EdgeOS can authenticate users remotely, including facial recognition and badge-controlled access, and monitor customer SLAs all the way down to component level, humidity, and temperature. It can be used to accept shipments, enter customer tickets, or monitor rack density and overall energy efficiency.

Uniform Design across all Edge Data Center Markets

As much as possible, EdgeConneX sticks to the same design in every data center build it undertakes. “Each of our data centers is roughly 90 percent similar to the rest,” Heiden said.

It’s cheaper to replicate a design as much as possible than to start from scratch every time, especially if the company is expanding at EdgeConneX’s rate. But the service provider is also aiming to make its data centers in different locations feel similar to customers – the same uniform approach retail chains have adopted.

The Minneapolis facility came online with 2MW of power capacity and 15,000 square feet of raised floor, but there’s room to expand north of 4MW if necessary, Heiden said.

The most important design element that distinguishes edge data centers, or any data centers that host cloud services, is high density. EdgeConneX designs its facilities to provide 15kW to 20kW per rack. Customers that need densities like that “tend to be your internet content and cloud companies, and also the broadband community,” he said.

Not Expanding as Quickly as Expected

In early 2015, Heiden told us EdgeConneX would add 10 data centers to its portfolio before the end of the year, which would take it from 20 data centers at the time to 30. Minneapolis being its 23rd location, it obviously didn’t expand as rapidly as he had expected.

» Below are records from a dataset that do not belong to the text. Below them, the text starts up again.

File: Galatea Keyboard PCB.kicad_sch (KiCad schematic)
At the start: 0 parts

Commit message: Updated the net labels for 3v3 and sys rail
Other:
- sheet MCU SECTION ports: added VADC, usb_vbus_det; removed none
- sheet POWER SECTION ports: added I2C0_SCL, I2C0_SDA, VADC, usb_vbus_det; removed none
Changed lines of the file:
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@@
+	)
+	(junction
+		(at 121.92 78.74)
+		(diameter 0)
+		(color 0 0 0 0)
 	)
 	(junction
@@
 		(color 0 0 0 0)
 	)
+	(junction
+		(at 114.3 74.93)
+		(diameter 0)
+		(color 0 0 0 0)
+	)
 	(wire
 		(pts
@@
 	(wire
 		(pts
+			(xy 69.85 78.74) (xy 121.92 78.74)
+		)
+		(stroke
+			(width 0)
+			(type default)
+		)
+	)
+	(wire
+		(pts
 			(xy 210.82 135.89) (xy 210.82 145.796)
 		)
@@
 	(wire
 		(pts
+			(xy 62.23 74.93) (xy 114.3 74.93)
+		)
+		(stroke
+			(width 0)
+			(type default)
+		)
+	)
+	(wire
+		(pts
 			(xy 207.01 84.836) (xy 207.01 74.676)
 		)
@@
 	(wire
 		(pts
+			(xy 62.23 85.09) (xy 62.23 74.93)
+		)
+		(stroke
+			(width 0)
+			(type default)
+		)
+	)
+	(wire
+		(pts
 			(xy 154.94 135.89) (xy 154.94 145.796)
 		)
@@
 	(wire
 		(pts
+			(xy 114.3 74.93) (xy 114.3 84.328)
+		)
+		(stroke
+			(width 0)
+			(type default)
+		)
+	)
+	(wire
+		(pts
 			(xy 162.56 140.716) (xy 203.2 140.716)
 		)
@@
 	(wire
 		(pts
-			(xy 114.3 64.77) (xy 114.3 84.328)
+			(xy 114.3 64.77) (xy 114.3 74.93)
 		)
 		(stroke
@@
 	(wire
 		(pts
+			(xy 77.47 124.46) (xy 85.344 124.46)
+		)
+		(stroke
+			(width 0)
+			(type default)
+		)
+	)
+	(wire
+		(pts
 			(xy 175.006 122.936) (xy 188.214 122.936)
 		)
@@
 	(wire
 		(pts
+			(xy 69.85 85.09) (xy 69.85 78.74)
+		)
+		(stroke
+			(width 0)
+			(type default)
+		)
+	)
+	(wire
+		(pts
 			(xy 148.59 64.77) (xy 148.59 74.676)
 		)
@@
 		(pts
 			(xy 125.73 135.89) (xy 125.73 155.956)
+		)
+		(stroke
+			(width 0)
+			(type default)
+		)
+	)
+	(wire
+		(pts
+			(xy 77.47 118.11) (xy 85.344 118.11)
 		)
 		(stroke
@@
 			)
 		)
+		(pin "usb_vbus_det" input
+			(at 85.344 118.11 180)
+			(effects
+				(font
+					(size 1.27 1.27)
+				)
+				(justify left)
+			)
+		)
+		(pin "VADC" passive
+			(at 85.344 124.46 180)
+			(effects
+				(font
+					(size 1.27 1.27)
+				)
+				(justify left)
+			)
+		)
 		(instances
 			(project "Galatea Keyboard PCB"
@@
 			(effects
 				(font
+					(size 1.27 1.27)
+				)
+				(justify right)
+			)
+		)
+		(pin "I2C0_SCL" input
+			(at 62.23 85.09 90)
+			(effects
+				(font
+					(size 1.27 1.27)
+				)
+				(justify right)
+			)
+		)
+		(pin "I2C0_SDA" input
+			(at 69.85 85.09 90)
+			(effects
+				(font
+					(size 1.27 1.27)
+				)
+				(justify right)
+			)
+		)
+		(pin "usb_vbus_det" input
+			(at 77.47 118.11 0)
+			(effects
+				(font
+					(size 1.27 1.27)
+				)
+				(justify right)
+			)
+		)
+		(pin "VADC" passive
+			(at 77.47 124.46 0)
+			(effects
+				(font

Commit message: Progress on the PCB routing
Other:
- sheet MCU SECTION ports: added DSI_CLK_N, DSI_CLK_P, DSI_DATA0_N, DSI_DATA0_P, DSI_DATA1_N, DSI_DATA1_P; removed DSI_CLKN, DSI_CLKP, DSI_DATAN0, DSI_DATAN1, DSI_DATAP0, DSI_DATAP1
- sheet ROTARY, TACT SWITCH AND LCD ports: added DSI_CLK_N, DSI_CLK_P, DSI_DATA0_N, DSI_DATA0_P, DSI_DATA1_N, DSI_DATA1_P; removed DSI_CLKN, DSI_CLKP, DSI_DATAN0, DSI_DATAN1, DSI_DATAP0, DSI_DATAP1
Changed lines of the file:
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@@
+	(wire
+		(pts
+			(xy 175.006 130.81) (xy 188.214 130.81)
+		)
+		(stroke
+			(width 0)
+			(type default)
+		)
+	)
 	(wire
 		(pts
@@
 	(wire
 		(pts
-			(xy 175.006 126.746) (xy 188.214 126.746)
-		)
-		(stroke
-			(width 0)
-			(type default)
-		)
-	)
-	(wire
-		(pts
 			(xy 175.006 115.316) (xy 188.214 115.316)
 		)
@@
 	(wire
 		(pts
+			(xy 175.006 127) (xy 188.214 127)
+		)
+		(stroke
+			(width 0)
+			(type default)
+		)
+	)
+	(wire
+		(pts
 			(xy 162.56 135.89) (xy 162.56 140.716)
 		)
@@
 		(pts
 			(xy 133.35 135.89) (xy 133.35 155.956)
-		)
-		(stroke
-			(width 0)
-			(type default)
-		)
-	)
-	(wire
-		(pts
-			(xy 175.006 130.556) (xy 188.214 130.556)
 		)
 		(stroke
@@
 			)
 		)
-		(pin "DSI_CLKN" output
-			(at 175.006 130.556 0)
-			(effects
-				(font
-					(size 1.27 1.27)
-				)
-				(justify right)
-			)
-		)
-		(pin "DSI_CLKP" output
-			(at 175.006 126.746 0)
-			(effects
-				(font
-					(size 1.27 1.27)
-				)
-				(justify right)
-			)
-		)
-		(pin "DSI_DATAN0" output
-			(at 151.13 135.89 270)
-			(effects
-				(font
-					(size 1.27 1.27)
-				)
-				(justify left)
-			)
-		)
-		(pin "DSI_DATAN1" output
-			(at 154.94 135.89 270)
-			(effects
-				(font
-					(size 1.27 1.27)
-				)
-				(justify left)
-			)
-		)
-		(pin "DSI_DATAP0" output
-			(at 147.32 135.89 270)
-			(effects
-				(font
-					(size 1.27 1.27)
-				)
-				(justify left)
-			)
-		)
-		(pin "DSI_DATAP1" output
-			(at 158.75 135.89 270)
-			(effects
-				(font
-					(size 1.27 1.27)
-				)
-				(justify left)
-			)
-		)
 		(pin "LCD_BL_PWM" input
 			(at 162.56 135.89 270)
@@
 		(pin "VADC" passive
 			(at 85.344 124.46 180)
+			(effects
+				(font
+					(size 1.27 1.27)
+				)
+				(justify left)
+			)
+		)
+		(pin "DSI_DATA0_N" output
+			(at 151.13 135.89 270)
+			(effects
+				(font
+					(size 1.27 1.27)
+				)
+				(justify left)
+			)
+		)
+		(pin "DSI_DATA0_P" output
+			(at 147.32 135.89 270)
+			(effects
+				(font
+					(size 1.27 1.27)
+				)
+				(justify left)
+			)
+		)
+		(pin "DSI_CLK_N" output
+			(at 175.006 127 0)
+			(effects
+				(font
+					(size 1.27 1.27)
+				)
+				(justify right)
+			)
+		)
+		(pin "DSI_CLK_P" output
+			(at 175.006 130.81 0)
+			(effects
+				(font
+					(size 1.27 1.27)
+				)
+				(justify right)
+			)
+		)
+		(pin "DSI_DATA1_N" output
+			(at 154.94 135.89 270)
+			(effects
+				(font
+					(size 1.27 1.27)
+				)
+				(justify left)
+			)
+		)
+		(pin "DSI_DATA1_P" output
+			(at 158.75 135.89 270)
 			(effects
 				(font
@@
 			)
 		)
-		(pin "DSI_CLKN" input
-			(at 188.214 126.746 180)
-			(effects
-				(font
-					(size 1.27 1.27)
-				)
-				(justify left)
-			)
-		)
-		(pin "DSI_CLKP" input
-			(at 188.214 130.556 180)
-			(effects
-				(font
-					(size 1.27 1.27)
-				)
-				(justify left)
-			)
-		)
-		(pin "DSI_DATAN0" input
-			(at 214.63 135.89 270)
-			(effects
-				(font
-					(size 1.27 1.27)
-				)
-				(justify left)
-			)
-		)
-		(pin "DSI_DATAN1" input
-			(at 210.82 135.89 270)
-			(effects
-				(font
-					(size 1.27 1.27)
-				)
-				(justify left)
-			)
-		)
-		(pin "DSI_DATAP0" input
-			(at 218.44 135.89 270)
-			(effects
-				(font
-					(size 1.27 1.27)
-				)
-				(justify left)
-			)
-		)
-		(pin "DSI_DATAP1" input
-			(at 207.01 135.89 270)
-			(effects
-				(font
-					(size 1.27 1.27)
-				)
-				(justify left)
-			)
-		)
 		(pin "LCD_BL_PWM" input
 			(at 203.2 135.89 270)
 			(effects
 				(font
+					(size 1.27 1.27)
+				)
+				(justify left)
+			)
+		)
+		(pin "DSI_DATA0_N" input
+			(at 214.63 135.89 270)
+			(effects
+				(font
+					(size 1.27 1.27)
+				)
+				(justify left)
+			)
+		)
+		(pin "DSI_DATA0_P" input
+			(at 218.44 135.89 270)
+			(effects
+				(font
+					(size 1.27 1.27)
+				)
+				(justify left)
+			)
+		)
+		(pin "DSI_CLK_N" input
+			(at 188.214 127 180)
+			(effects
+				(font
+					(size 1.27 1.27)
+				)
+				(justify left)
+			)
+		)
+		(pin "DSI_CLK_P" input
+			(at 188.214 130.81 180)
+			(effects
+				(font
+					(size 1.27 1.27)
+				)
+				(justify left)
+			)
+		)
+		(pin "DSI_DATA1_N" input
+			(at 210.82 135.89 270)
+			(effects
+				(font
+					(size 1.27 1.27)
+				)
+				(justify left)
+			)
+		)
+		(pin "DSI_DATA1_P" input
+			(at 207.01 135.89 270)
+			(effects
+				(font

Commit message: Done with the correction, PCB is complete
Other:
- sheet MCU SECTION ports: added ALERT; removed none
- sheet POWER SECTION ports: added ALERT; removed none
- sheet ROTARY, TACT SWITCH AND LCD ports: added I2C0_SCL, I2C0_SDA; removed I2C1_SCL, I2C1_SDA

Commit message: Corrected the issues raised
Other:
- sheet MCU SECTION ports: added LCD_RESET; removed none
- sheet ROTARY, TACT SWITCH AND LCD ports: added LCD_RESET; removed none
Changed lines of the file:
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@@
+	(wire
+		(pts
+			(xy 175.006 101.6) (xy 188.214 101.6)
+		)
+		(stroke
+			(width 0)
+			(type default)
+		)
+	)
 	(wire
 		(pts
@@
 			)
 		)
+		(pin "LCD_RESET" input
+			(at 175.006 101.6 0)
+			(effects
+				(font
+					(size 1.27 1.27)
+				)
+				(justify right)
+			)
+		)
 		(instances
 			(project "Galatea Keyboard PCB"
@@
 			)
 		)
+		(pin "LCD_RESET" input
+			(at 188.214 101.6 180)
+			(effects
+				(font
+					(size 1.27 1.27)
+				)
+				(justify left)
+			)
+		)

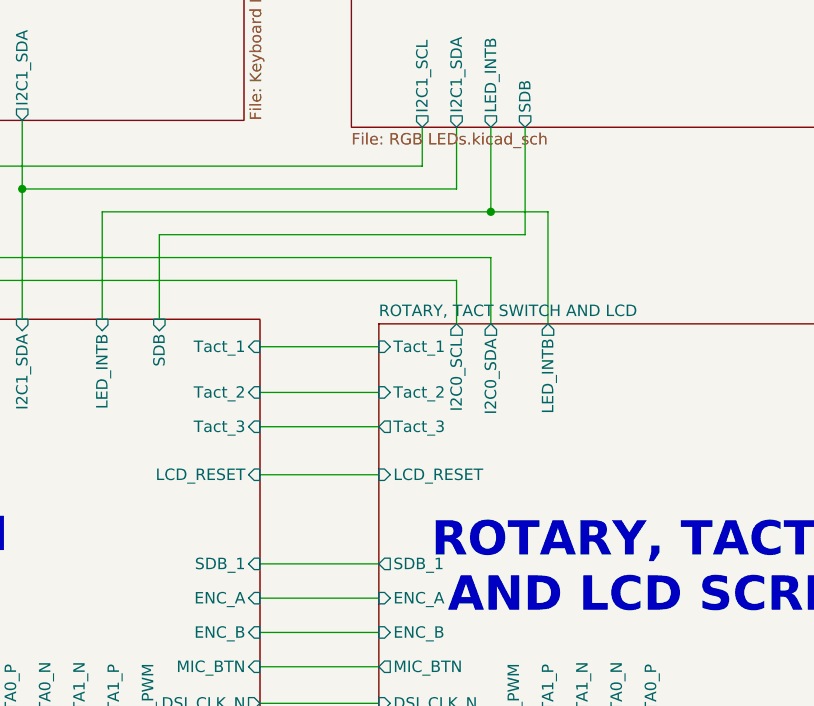
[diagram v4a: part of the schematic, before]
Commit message: Added GT911 connector and fix the USB_C issue
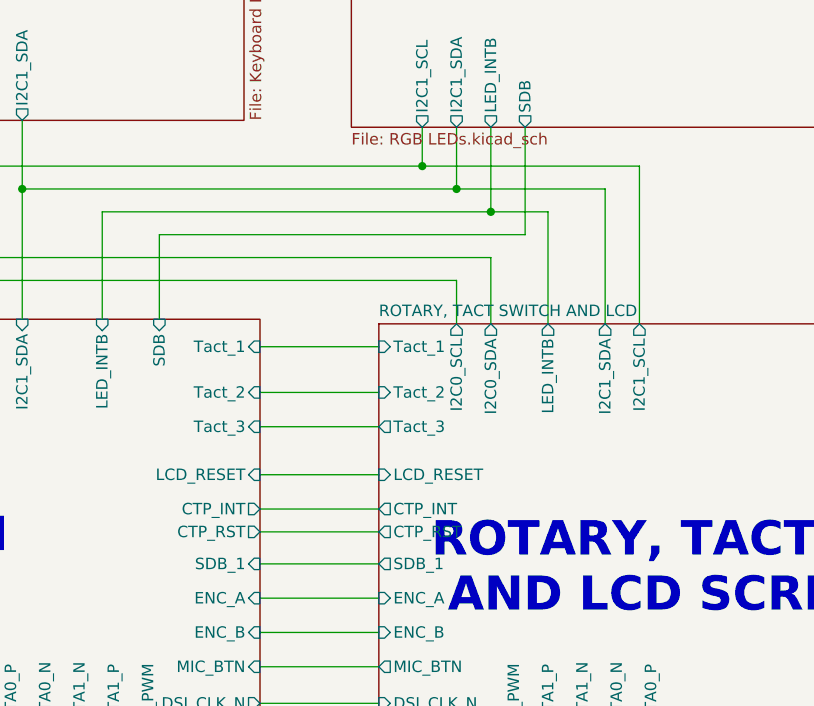
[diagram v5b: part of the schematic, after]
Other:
- sheet MCU SECTION ports: added CTP_INT, CTP_RST; removed none
- sheet ROTARY, TACT SWITCH AND LCD ports: added CTP_INT, CTP_RST, I2C1_SCL, I2C1_SDA; removed none
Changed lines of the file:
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@@
+	)
+	(junction
+		(at 193.04 67.31)
+		(diameter 0)
+		(color 0 0 0 0)
 	)
 	(junction
@@
 		(color 0 0 0 0)
 	)
+	(junction
+		(at 196.85 69.85)
+		(diameter 0)
+		(color 0 0 0 0)
+	)
 	(wire
 		(pts
@@
 	(wire
 		(pts
+			(xy 213.36 69.85) (xy 196.85 69.85)
+		)
+		(stroke
+			(width 0)
+			(type default)
+		)
+	)
+	(wire
+		(pts
 			(xy 175.006 119.126) (xy 188.214 119.126)
 		)
@@
 	(wire
 		(pts
+			(xy 217.17 67.31) (xy 193.04 67.31)
+		)
+		(stroke
+			(width 0)
+			(type default)
+		)
+	)
+	(wire
+		(pts
 			(xy 200.66 62.992) (xy 200.66 72.39)
 		)
@@
 	(wire
 		(pts
+			(xy 175.006 105.41) (xy 188.214 105.41)
+		)
+		(stroke
+			(width 0)
+			(type default)
+		)
+	)
+	(wire
+		(pts
 			(xy 157.48 72.39) (xy 200.66 72.39)
 		)
@@
 	(wire
 		(pts
+			(xy 213.36 84.836) (xy 213.36 69.85)
+		)
+		(stroke
+			(width 0)
+			(type default)
+		)
+	)
+	(wire
+		(pts
 			(xy 175.006 115.316) (xy 188.214 115.316)
 		)
@@
 	(wire
 		(pts
+			(xy 175.006 107.95) (xy 188.214 107.95)
+		)
+		(stroke
+			(width 0)
+			(type default)
+		)
+	)
+	(wire
+		(pts
 			(xy 114.3 74.93) (xy 114.3 84.328)
 		)
@@
 		(pts
 			(xy 133.35 135.89) (xy 133.35 155.956)
+		)
+		(stroke
+			(width 0)
+			(type default)
+		)
+	)
+	(wire
+		(pts
+			(xy 217.17 84.836) (xy 217.17 67.31)
 		)
 		(stroke
@@
 			)
 		)
+		(pin "CTP_INT" output
+			(at 175.006 105.41 0)
+			(effects
+				(font
+					(size 1.27 1.27)
+				)
+				(justify right)
+			)
+		)
+		(pin "CTP_RST" output
+			(at 175.006 107.95 0)
+			(effects
+				(font
+					(size 1.27 1.27)
+				)
+				(justify right)
+			)
+		)
 		(instances
 			(project "Galatea Keyboard PCB"
@@
 			)
 		)
+		(pin "CTP_INT" output
+			(at 188.214 105.41 180)
+			(effects
+				(font
+					(size 1.27 1.27)
+				)
+				(justify left)
+			)
+		)
+		(pin "CTP_RST" output
+			(at 188.214 107.95 180)
+			(effects
+				(font
+					(size 1.27 1.27)
+				)
+				(justify left)
+			)
+		)
+		(pin "I2C1_SCL" output
+			(at 217.17 84.836 90)
+			(effects
+				(font
+					(size 1.27 1.27)
+				)
+				(justify right)
+			)
+		)
+		(pin "I2C1_SDA" output
+			(at 213.36 84.836 90)
+			(effects
+				(font
+					(size 1.27 1.27)
+				)
+				(justify right)
+			)
+		)

“We didn’t quite get to 30; we ended up at 23. A number of mergers got in the way and slowed some of the growth,” he said this week but declined to elaborate. However, the company continues to believe that the number of edge data center markets in the US is “far north of 30.”

Some of the 23 facilities EdgeConneX has built filled up quickly, and some have seen slower fill-up rates, which was expected, since market dynamics differ from region to region. “Miami has filled very quickly; Austin fills very quickly; Denver, Seattle, Santa Clara, Phoenix – those markets fill quicker than Jacksonville and Tallahassee,” Heiden said.

“But in general, the footprint has very good utilization. We’re happy with the fill rate.”